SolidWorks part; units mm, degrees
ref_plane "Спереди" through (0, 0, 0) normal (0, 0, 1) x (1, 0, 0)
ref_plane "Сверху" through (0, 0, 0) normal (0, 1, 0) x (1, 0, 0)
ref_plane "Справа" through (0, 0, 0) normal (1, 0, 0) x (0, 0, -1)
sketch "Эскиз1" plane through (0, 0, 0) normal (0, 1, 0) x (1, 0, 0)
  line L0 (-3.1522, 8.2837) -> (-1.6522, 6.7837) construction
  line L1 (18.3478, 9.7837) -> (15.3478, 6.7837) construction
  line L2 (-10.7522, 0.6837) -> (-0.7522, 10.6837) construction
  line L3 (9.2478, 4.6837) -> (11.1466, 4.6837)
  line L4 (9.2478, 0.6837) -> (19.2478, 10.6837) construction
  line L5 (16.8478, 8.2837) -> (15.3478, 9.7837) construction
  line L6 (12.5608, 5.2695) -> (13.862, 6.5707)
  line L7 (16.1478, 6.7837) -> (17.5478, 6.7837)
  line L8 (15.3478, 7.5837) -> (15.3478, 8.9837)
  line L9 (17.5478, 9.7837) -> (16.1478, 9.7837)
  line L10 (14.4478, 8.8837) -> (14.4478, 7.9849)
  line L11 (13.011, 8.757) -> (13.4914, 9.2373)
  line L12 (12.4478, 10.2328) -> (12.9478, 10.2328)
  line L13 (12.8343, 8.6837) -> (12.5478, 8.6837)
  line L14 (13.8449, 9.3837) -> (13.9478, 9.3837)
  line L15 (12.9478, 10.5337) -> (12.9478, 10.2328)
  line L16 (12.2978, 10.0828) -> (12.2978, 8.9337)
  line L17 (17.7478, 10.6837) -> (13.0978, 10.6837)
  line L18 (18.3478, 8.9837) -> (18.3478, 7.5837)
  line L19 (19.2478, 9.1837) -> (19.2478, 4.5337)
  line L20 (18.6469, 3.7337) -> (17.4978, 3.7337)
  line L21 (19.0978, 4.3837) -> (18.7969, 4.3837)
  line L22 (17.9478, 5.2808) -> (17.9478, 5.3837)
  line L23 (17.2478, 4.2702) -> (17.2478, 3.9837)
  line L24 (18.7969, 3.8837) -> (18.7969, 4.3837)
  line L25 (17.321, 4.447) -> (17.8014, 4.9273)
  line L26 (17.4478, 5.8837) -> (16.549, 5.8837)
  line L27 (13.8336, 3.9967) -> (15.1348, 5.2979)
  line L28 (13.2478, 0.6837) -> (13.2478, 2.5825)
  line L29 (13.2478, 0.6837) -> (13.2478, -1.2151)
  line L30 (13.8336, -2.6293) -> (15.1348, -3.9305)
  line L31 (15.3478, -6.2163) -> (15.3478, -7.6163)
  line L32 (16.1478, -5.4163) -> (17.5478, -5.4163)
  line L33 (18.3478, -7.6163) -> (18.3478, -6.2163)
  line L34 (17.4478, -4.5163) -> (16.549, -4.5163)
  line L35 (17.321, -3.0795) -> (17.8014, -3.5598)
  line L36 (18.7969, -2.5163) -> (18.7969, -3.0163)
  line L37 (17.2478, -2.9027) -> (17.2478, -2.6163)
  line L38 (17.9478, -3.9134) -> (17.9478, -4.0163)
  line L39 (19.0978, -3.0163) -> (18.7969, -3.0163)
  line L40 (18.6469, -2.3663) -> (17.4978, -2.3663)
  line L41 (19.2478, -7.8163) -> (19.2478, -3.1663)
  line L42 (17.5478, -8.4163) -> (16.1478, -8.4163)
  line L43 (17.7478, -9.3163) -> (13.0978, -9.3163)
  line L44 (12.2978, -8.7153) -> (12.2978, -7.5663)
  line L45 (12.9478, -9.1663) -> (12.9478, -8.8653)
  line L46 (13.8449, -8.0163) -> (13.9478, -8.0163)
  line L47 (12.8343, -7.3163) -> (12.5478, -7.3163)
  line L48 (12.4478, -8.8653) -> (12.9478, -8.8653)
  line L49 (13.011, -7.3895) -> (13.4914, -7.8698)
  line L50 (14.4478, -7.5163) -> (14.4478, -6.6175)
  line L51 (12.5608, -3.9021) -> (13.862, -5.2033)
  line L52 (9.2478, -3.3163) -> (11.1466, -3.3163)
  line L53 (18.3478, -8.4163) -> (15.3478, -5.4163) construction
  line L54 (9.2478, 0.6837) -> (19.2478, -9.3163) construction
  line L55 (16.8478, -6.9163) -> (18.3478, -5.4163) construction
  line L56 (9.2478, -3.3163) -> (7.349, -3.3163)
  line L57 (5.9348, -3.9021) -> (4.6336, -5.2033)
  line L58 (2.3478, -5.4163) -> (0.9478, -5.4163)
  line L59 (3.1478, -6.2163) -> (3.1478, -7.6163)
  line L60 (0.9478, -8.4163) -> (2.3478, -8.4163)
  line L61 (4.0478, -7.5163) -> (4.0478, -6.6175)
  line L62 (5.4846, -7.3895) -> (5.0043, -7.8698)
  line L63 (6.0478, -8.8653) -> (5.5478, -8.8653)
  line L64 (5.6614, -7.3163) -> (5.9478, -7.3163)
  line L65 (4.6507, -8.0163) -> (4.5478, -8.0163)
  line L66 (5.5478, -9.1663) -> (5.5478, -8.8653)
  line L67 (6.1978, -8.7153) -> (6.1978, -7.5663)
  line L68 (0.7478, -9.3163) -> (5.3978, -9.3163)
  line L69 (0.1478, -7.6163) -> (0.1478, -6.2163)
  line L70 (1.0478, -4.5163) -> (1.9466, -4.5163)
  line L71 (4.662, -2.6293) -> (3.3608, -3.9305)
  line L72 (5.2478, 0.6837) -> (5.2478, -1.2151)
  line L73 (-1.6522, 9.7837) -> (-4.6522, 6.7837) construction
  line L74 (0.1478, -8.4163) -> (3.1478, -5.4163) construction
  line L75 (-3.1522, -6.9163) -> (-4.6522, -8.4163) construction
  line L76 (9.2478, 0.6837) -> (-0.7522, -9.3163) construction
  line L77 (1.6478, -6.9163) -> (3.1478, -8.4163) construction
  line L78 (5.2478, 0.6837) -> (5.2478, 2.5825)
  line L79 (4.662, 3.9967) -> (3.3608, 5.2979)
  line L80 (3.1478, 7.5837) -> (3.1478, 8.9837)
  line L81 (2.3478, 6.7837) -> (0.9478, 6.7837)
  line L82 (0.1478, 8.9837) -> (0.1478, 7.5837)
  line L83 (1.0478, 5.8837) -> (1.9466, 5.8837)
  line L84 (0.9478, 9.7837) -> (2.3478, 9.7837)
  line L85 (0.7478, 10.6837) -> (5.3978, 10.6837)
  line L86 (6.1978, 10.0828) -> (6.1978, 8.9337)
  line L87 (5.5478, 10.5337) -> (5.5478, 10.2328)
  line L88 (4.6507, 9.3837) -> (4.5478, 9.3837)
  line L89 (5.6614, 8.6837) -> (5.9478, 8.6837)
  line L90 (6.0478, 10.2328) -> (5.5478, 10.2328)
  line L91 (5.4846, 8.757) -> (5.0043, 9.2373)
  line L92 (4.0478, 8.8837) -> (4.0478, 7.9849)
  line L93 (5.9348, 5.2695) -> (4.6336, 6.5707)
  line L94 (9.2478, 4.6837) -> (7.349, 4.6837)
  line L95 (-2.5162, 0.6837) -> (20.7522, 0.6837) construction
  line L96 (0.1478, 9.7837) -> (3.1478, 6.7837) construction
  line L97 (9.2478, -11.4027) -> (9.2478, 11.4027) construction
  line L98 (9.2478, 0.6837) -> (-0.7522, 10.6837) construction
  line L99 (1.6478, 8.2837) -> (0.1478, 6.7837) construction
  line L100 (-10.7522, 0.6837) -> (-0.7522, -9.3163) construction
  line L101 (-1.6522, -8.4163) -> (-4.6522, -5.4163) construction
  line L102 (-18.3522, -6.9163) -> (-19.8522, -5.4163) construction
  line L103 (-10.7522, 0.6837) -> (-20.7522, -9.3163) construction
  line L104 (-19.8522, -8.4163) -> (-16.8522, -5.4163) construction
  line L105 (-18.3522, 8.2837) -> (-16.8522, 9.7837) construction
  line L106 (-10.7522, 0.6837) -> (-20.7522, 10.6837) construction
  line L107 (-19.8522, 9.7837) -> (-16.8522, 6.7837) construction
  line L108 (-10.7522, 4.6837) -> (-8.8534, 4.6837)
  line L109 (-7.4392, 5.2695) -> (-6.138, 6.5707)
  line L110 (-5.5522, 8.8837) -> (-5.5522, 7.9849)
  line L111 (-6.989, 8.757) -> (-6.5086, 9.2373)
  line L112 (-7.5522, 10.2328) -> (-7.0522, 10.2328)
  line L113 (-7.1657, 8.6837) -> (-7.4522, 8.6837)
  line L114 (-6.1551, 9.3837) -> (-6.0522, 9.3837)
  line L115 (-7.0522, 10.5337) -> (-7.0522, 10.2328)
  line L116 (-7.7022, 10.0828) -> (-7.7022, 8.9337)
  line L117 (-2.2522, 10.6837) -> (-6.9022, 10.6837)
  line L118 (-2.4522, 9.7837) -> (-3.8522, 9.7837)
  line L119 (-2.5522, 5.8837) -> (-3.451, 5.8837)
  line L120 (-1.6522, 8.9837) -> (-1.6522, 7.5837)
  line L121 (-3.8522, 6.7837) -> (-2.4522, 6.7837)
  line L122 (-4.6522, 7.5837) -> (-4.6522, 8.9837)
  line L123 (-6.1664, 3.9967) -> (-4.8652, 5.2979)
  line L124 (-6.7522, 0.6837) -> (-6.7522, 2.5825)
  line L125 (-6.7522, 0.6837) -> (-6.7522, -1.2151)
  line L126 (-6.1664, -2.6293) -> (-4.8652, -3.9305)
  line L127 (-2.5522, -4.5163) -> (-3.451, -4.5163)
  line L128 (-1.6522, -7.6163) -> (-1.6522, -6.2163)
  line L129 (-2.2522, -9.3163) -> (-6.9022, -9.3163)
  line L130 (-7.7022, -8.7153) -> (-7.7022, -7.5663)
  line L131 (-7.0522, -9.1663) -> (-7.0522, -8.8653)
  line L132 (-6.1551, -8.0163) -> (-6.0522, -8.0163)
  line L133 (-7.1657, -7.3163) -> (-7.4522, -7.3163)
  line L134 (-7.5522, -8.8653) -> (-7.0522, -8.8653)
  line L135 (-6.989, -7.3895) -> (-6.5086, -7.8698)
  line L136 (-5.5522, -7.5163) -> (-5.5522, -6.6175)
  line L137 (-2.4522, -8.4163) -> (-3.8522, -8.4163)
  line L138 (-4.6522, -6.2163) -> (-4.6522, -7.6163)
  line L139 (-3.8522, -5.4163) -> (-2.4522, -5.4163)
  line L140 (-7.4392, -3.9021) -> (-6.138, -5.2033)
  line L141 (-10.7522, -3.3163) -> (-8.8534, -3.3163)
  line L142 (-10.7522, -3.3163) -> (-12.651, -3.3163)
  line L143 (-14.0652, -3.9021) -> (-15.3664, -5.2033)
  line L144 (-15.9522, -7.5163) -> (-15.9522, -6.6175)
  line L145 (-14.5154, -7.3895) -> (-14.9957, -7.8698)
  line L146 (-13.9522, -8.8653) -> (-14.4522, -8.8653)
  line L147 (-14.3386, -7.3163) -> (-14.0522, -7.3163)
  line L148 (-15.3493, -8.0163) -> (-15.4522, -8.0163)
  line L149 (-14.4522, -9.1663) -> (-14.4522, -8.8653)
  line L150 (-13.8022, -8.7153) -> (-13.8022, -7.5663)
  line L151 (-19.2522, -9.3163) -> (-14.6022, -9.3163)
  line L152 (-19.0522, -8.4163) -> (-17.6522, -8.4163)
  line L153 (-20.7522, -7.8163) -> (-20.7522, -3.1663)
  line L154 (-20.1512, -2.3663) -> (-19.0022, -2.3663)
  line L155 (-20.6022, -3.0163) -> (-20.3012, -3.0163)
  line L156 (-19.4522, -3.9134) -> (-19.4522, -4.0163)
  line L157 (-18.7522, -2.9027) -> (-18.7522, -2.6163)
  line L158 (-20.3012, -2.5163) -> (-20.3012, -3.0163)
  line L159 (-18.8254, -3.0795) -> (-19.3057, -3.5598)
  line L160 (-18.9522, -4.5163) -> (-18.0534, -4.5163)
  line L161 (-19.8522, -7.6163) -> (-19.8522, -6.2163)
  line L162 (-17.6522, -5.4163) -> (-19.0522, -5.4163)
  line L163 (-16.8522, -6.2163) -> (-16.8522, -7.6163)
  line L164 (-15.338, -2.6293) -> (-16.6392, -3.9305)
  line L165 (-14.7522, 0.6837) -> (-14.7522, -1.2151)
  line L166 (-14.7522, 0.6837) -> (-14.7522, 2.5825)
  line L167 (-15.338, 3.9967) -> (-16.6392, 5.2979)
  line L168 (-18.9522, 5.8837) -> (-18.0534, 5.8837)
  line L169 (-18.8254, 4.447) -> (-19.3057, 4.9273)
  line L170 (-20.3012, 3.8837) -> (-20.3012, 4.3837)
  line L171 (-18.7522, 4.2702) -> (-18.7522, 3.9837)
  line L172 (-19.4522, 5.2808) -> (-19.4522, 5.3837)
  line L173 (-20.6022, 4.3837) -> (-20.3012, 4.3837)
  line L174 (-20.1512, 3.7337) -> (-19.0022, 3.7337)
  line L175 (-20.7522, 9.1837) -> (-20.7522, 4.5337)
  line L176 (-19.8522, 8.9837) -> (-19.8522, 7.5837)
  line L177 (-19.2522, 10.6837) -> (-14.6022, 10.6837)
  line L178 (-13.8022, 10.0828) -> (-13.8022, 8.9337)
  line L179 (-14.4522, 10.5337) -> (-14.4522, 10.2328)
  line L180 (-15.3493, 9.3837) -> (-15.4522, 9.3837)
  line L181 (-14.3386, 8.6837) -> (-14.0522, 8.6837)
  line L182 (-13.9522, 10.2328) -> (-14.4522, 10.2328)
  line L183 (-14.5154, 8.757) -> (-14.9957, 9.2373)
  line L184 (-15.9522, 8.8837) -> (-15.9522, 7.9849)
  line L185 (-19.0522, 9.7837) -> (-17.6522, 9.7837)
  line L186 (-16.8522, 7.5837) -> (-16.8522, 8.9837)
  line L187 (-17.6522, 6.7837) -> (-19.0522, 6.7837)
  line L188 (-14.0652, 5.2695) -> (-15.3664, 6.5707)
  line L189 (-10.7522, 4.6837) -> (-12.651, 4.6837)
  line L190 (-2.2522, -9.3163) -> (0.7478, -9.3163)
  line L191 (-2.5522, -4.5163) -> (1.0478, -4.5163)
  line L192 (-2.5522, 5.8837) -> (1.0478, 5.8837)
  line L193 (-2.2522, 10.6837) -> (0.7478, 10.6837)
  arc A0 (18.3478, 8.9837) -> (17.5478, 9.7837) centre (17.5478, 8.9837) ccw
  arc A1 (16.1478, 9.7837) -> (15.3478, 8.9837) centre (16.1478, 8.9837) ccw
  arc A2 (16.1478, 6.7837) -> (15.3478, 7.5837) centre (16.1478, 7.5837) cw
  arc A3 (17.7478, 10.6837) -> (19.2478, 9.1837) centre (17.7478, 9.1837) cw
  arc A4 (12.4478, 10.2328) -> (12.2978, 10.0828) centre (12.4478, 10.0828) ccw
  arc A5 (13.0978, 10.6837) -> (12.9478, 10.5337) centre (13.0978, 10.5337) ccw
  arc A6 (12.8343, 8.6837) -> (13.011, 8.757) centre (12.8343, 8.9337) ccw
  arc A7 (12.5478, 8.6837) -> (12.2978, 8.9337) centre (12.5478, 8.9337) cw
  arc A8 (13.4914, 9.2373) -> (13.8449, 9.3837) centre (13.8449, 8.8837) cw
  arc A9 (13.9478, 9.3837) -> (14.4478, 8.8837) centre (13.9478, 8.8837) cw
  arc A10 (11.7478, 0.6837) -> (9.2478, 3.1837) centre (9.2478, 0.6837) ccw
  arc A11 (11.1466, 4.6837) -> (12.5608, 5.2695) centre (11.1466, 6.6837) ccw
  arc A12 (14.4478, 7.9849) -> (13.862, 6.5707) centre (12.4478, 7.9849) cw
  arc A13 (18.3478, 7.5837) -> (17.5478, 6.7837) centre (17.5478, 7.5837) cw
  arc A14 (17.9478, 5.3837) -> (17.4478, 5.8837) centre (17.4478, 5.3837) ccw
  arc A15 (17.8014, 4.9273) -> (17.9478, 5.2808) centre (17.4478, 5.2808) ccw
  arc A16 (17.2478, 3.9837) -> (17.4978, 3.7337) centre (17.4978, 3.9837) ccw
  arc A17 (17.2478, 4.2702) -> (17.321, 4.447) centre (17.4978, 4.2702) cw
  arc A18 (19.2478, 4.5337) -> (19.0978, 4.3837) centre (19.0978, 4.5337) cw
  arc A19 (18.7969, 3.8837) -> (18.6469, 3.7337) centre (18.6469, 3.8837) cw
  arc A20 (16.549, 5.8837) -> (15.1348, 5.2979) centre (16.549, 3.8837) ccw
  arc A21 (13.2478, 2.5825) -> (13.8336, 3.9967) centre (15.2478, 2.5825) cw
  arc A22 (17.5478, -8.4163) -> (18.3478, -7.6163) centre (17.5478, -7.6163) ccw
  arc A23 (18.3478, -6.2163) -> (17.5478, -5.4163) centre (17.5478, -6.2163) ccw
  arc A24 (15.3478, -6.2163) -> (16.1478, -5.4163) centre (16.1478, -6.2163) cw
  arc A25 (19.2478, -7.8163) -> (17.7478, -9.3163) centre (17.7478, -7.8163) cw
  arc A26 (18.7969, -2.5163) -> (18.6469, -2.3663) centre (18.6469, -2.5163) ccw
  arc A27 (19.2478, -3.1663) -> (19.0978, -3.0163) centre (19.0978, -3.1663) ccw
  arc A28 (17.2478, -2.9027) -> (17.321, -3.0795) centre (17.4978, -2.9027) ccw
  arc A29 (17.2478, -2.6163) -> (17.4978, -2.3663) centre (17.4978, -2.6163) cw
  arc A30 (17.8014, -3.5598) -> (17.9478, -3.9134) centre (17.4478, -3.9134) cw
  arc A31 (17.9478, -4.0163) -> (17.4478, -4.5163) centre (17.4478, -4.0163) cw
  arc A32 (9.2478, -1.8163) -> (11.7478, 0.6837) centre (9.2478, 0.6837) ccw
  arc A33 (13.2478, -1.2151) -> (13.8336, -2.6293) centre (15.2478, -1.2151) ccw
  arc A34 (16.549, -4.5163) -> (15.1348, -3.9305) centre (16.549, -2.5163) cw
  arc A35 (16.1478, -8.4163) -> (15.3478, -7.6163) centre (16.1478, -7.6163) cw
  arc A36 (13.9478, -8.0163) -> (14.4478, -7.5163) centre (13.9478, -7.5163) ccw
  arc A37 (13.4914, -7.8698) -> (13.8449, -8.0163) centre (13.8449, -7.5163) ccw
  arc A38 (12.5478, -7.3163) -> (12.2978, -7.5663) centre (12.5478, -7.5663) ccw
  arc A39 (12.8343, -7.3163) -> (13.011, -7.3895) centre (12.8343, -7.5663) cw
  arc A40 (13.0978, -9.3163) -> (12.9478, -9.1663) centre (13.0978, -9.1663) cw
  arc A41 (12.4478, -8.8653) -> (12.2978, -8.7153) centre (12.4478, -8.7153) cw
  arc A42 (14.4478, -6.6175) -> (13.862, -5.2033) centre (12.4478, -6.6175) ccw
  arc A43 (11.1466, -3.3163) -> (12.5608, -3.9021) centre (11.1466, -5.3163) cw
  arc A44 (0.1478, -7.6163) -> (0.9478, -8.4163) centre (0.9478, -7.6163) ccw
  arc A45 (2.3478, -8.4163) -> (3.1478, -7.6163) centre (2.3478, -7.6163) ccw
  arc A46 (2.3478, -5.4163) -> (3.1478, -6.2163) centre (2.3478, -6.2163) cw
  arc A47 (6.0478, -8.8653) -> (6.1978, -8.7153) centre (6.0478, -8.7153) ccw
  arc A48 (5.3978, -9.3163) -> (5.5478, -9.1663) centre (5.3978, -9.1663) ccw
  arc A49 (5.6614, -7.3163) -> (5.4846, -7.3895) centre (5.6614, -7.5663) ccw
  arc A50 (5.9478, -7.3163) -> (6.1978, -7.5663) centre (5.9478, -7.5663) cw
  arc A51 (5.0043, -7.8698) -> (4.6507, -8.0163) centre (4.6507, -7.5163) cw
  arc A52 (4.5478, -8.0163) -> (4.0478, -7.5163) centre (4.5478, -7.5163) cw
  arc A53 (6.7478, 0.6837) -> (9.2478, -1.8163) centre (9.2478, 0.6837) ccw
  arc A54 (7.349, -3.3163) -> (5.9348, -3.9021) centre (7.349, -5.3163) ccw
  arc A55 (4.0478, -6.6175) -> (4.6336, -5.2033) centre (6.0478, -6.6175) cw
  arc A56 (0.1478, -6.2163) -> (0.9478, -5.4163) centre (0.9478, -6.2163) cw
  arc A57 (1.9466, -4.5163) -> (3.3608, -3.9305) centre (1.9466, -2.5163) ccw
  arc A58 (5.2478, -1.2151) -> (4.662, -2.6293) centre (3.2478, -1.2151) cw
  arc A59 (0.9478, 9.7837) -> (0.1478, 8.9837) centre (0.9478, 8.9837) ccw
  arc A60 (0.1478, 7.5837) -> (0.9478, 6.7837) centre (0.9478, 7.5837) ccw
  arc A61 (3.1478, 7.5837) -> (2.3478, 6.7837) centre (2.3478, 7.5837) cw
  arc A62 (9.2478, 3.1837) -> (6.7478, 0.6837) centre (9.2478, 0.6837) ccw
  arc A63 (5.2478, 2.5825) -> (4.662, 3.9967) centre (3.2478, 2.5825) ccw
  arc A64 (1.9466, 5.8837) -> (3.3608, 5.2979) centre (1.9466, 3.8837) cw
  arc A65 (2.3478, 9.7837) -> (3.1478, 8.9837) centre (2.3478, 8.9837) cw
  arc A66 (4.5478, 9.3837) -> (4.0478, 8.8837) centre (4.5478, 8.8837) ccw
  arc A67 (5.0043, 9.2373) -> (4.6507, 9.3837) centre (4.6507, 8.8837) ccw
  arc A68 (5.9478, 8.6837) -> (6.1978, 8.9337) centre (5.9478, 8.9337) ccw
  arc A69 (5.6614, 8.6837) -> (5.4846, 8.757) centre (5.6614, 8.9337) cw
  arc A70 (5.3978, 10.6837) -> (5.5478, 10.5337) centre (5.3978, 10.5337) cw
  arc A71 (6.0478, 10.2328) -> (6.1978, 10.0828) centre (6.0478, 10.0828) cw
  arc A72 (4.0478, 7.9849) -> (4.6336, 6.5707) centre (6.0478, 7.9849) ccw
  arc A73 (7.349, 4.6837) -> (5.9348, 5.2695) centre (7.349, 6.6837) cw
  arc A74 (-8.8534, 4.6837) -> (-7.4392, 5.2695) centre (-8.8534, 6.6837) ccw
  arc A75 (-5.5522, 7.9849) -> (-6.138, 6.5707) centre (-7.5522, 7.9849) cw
==================================================
#### Instructions for the task
For this exercise, output exactly the lines above from the line with "line L133 (-7.1657, -7.3163)" to the line with "line L147 (-14.3386, -7.3163)", counting both, and leave out the rest.

#### Output for this exercise
  line L133 (-7.1657, -7.3163) -> (-7.4522, -7.3163)
  line L134 (-7.5522, -8.8653) -> (-7.0522, -8.8653)
  line L135 (-6.989, -7.3895) -> (-6.5086, -7.8698)
  line L136 (-5.5522, -7.5163) -> (-5.5522, -6.6175)
  line L137 (-2.4522, -8.4163) -> (-3.8522, -8.4163)
  line L138 (-4.6522, -6.2163) -> (-4.6522, -7.6163)
  line L139 (-3.8522, -5.4163) -> (-2.4522, -5.4163)
  line L140 (-7.4392, -3.9021) -> (-6.138, -5.2033)
  line L141 (-10.7522, -3.3163) -> (-8.8534, -3.3163)
  line L142 (-10.7522, -3.3163) -> (-12.651, -3.3163)
  line L143 (-14.0652, -3.9021) -> (-15.3664, -5.2033)
  line L144 (-15.9522, -7.5163) -> (-15.9522, -6.6175)
  line L145 (-14.5154, -7.3895) -> (-14.9957, -7.8698)
  line L146 (-13.9522, -8.8653) -> (-14.4522, -8.8653)
  line L147 (-14.3386, -7.3163) -> (-14.0522, -7.3163)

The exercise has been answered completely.